PP-339 and PP-647:release vnodes early from running jobs


#82

That is possible but I would rule that out at least for the first release of this feature. I think the plan is to eventually allow all types of nodes to be releasable, but because more work need to be done in understanding what needs to be done with vnodes managed by cpuset-ted moms and Cray-aware moms, we’ve special cased them right now, but I foresee these to get removed later…


#83

@bayucan if release_nodes_on_stageout is requested without stageout being requested in qsub then would it be ignnored or qsub will throw error?

  • under example in interface 4, you have added following command twice showing ‘u’ record and ‘c’ record both. Is it by mistake?

% pbs_release_nodes -j 241 lendl


#84

It gets ignored.

Yes, it’s a mistake. Let me fix that. Actually, there’ll always be a ‘u’ and ‘c’ accounting records pair for every pbs_release_nodes call.


#85

Based on the recent comments received, the design doc,

Node Rampdown Design v22

has been updated…


#86

Please add this to the EDD.


#87

Should this get ignored or throw an error? It is an erroneous condition. You won’t be staging out, so why say release nodes on stageout? Should we tell the user they’re doing something wrong? I could go either way on this, but I am slightly leaning towards throwing an error. In any case, please document what happens in either case.

Bhroam


#88

he EDD says about release_nodes_on_stageout:

“When set to ‘true’, this will do an equivalent of ‘pbs_release_nodes -a’ for releasing all the sister nodes when stageout operation begins"
So when PBS sees there’s a stageout operation to be done, then it checks if 'release_nodes_on_stageout=true” and frees up the sister nodes.

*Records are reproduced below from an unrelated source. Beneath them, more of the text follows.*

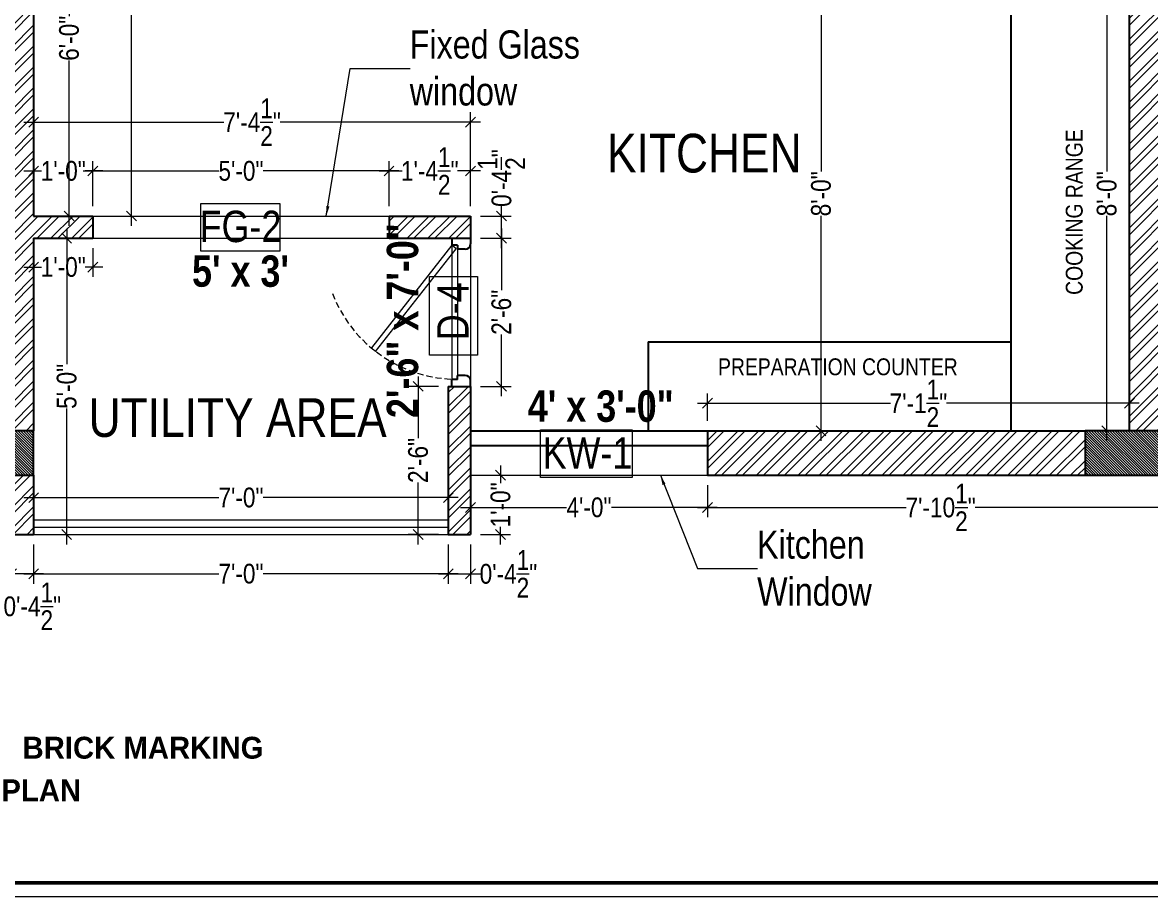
# Model space of a CAD drawing. Header units: millimetres. Extents: x 3067 to 3748, y 1385 to 1863.
# Drawn here: x 3402.3 to 3630.8, y 1384.7 to 1561.7 of the extents above; entities that cross this region are included whole.
import ezdxf

# ---------------------------------------------------------------- set-up
doc = ezdxf.new("R2010")
doc.units = ezdxf.units.MM
doc.linetypes.add('DASHED2', pattern=[0.375, 0.25, -0.125])
for name, color, linetype, lineweight in [('COLUMNS', 3, 'Continuous', 25), ('dimensions', 251, 'Continuous', 13), ('HATCH', 8, 'Continuous', 5), ('TEXT', 38, 'Continuous', 15), ('Title Sheet', 7, 'Continuous', 9), ('WALLS', 7, 'Continuous', 25), ('WIN', 124, 'Continuous', 9)]:
    doc.layers.add(name, color=color, linetype=linetype, lineweight=lineweight)
doc.layers.add('doors', color=251, linetype='Continuous')
doc.layers.add('FURNITURE', color=124, linetype='Continuous')
doc.styles.add('style1', font='bgothm.ttf')
doc.styles.add('Swiss-LT', font='swissc.ttf')
doc.dimstyles.new('INNER', dxfattribs={"dimtxt": 4, "dimasz": 2, "dimexe": 2, "dimexo": 2, "dimgap": 0, "dimtad": 0, "dimzin": 1, "dimdsep": 46, "dimlunit": 4, "dimtxsty": 'Swiss-LT', "dimblk": 'OBLIQUE', "dimcen": 0.125, "dimdle": 2, "dimclrd": 256, "dimclre": 256, "dimclrt": 7, "dimadec": 0, "dimazin": 0, "dimtfac": 1, "dimtofl": 0, "dimtmove": 0, "dimatfit": 3, "dimfxl": 12, "dimfxlon": 1, "dimtolj": 1, "dimtzin": 0, "dimlwd": -1, "dimlwe": -1, "dimarcsym": 0})

# ---------------------------------------------------------------- blocks, each defined once
blk = doc.blocks.new('_Oblique')
at = {"color": 0, "linetype": 'ByBlock', "lineweight": -2}
blk.add_line((-0.5, -0.5), (0.5, 0.5), dxfattribs=at)
blk = doc.blocks.new('*D189')
at = {"layer": 'Defpoints', "color": 0, "ltscale": 20, "transparency": 16777216}
for p in [(3404.57, 1594.52), (3404.57, 1522.52), (3411.75, 1522.52)]:
    blk.add_point(p, dxfattribs=at)
at = {"layer": 'dimensions', "ltscale": 20, "transparency": 16777216}
for p, q in [((3411.75, 1596.52), (3411.75, 1563.02)), ((3406.57, 1594.52), (3413.75, 1594.52)), ((3411.75, 1520.52), (3411.75, 1554.03)), ((3406.57, 1522.52), (3413.75, 1522.52))]:
    blk.add_line(p, q, dxfattribs=at)
at = {"layer": 'dimensions', "ltscale": 20, "transparency": 16777216, "xscale": 2, "yscale": 2, "zscale": 2}
for p, rotation in [((3411.75, 1594.52), 90), ((3411.75, 1522.52), 270)]:
    blk.add_blockref('_Oblique', p, dxfattribs=dict(at, rotation=rotation))
at = {"layer": 'dimensions', "color": 7, "ltscale": 20, "transparency": 16777216, "insert": (3411.75, 1558.52), "char_height": 4, "attachment_point": 5, "rotation": 90, "style": 'Swiss-LT'}
blk.add_mtext('\\A1;6\'-0"', dxfattribs=at)
blk = doc.blocks.new('*D191')
at = {"layer": 'Defpoints', "color": 0, "ltscale": 20, "transparency": 16777216}
for p in [(3404.57, 1531.65), (3404.57, 1522.52), (3416.57, 1522.52)]:
    blk.add_point(p, dxfattribs=at)
at = {"layer": 'dimensions', "ltscale": 20, "transparency": 16777216}
for p, q in [((3404.57, 1524.52), (3404.57, 1533.65)), ((3416.57, 1524.52), (3416.57, 1533.65)), ((3402.57, 1531.65), (3406.15, 1531.65)), ((3418.57, 1531.65), (3414.99, 1531.65))]:
    blk.add_line(p, q, dxfattribs=at)
at = {"layer": 'dimensions', "ltscale": 20, "transparency": 16777216, "xscale": 2, "yscale": 2, "zscale": 2, "rotation": 180}
blk.add_blockref('_Oblique', (3404.57, 1531.65), dxfattribs=at)
at = {"layer": 'dimensions', "ltscale": 20, "transparency": 16777216, "xscale": 2, "yscale": 2, "zscale": 2}
blk.add_blockref('_Oblique', (3416.57, 1531.65), dxfattribs=at)
at = {"layer": 'dimensions', "color": 7, "ltscale": 20, "transparency": 16777216, "insert": (3410.57, 1531.65), "char_height": 4, "attachment_point": 5, "style": 'Swiss-LT'}
blk.add_mtext('\\A1;1\'-0"', dxfattribs=at)
blk = doc.blocks.new('*D192')
at = {"layer": 'Defpoints', "color": 0, "ltscale": 20, "transparency": 16777216}
for p in [(3476.57, 1531.65), (3416.57, 1522.52), (3476.57, 1522.52)]:
    blk.add_point(p, dxfattribs=at)
at = {"layer": 'dimensions', "ltscale": 20, "transparency": 16777216}
for p, q in [((3416.57, 1524.52), (3416.57, 1533.65)), ((3476.57, 1524.52), (3476.57, 1533.65)), ((3414.57, 1531.65), (3442.07, 1531.65)), ((3478.57, 1531.65), (3451.08, 1531.65))]:
    blk.add_line(p, q, dxfattribs=at)
at = {"layer": 'dimensions', "ltscale": 20, "transparency": 16777216, "xscale": 2, "yscale": 2, "zscale": 2, "rotation": 180}
blk.add_blockref('_Oblique', (3416.57, 1531.65), dxfattribs=at)
at = {"layer": 'dimensions', "ltscale": 20, "transparency": 16777216, "xscale": 2, "yscale": 2, "zscale": 2}
blk.add_blockref('_Oblique', (3476.57, 1531.65), dxfattribs=at)
at = {"layer": 'dimensions', "color": 7, "ltscale": 20, "transparency": 16777216, "insert": (3446.57, 1531.65), "char_height": 4, "attachment_point": 5, "style": 'Swiss-LT'}
blk.add_mtext('\\A1;5\'-0"', dxfattribs=at)
blk = doc.blocks.new('*D193')
at = {"layer": 'Defpoints', "color": 0, "ltscale": 20, "transparency": 16777216}
for p in [(3493.07, 1531.65), (3476.57, 1522.52), (3493.07, 1522.52)]:
    blk.add_point(p, dxfattribs=at)
at = {"layer": 'dimensions', "ltscale": 20, "transparency": 16777216}
for p, q in [((3476.57, 1524.52), (3476.57, 1533.65)), ((3493.07, 1524.52), (3493.07, 1533.65)), ((3474.57, 1531.65), (3479.21, 1531.65)), ((3495.07, 1531.65), (3490.43, 1531.65))]:
    blk.add_line(p, q, dxfattribs=at)
at = {"layer": 'dimensions', "ltscale": 20, "transparency": 16777216, "xscale": 2, "yscale": 2, "zscale": 2, "rotation": 180}
blk.add_blockref('_Oblique', (3476.57, 1531.65), dxfattribs=at)
at = {"layer": 'dimensions', "ltscale": 20, "transparency": 16777216, "xscale": 2, "yscale": 2, "zscale": 2}
blk.add_blockref('_Oblique', (3493.07, 1531.65), dxfattribs=at)
at = {"layer": 'dimensions', "color": 7, "ltscale": 20, "transparency": 16777216, "insert": (3484.82, 1531.65), "char_height": 4, "attachment_point": 5, "style": 'Swiss-LT'}
blk.add_mtext('\\A1;1\'-4{\\H1x;\\S1/2;}"', dxfattribs=at)
blk = doc.blocks.new('*D194')
at = {"layer": 'Defpoints', "color": 0, "ltscale": 20, "transparency": 16777216}
for p in [(3404.57, 1518.02), (3416.57, 1518.02), (3404.57, 1512.18)]:
    blk.add_point(p, dxfattribs=at)
at = {"layer": 'dimensions', "ltscale": 20, "transparency": 16777216}
for p, q in [((3404.57, 1516.02), (3404.57, 1510.18)), ((3416.57, 1516.02), (3416.57, 1510.18)), ((3402.57, 1512.18), (3406.15, 1512.18)), ((3418.57, 1512.18), (3414.99, 1512.18))]:
    blk.add_line(p, q, dxfattribs=at)
at = {"layer": 'dimensions', "ltscale": 20, "transparency": 16777216, "xscale": 2, "yscale": 2, "zscale": 2, "rotation": 180}
blk.add_blockref('_Oblique', (3404.57, 1512.18), dxfattribs=at)
at = {"layer": 'dimensions', "ltscale": 20, "transparency": 16777216, "xscale": 2, "yscale": 2, "zscale": 2}
blk.add_blockref('_Oblique', (3416.57, 1512.18), dxfattribs=at)
at = {"layer": 'dimensions', "color": 7, "ltscale": 20, "transparency": 16777216, "insert": (3410.57, 1512.18), "char_height": 4, "attachment_point": 5, "style": 'Swiss-LT'}
blk.add_mtext('\\A1;1\'-0"', dxfattribs=at)
blk = doc.blocks.new('*D195')
at = {"layer": 'Defpoints', "color": 0, "ltscale": 20, "transparency": 16777216}
for p in [(3406.53, 1518.02), (3404.57, 1458.02), (3411.27, 1458.02)]:
    blk.add_point(p, dxfattribs=at)
at = {"layer": 'dimensions', "ltscale": 20, "transparency": 16777216}
for p, q in [((3411.27, 1520.02), (3411.27, 1492.53)), ((3408.53, 1518.02), (3413.27, 1518.02)), ((3411.27, 1456.02), (3411.27, 1483.52)), ((3406.57, 1458.02), (3413.27, 1458.02))]:
    blk.add_line(p, q, dxfattribs=at)
at = {"layer": 'dimensions', "ltscale": 20, "transparency": 16777216, "xscale": 2, "yscale": 2, "zscale": 2}
for p, rotation in [((3411.27, 1518.02), 90), ((3411.27, 1458.02), 270)]:
    blk.add_blockref('_Oblique', p, dxfattribs=dict(at, rotation=rotation))
at = {"layer": 'dimensions', "color": 7, "ltscale": 20, "transparency": 16777216, "insert": (3411.27, 1488.02), "char_height": 4, "attachment_point": 5, "rotation": 90, "style": 'Swiss-LT'}
blk.add_mtext('\\A1;5\'-0"', dxfattribs=at)
blk = doc.blocks.new('*D196')
at = {"layer": 'Defpoints', "color": 0, "ltscale": 20, "transparency": 16777216}
for p in [(3482.46, 1488.02), (3488.57, 1488.02), (3488.57, 1458.02)]:
    blk.add_point(p, dxfattribs=at)
at = {"layer": 'dimensions', "ltscale": 20, "transparency": 16777216}
for p, q in [((3482.46, 1490.02), (3482.46, 1477.52)), ((3486.57, 1488.02), (3480.46, 1488.02)), ((3482.46, 1456.02), (3482.46, 1468.53)), ((3486.57, 1458.02), (3480.46, 1458.02))]:
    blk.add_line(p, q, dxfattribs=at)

I don’t think we need to explicitly create a new error message if there’s no stageout operation and yet release_on_stageout=true. I will document in the EDD that in this case, nothing happens, release_nodes_on_stageout is not consulted (ignored).


#89

I also don’t want to prevent admins from setting ‘release_nodes_on_stageout=true’ for all jobs via a hook or default_qsub_args, to catch a case when user specifies -Wstageout= parameter. Otherwise, jobs without stageout option will error out…


#90

You have a good point there. If someone defaults release_nodes_on_stageout to true, we don’t want to start rejecting jobs that don’t stage anything out.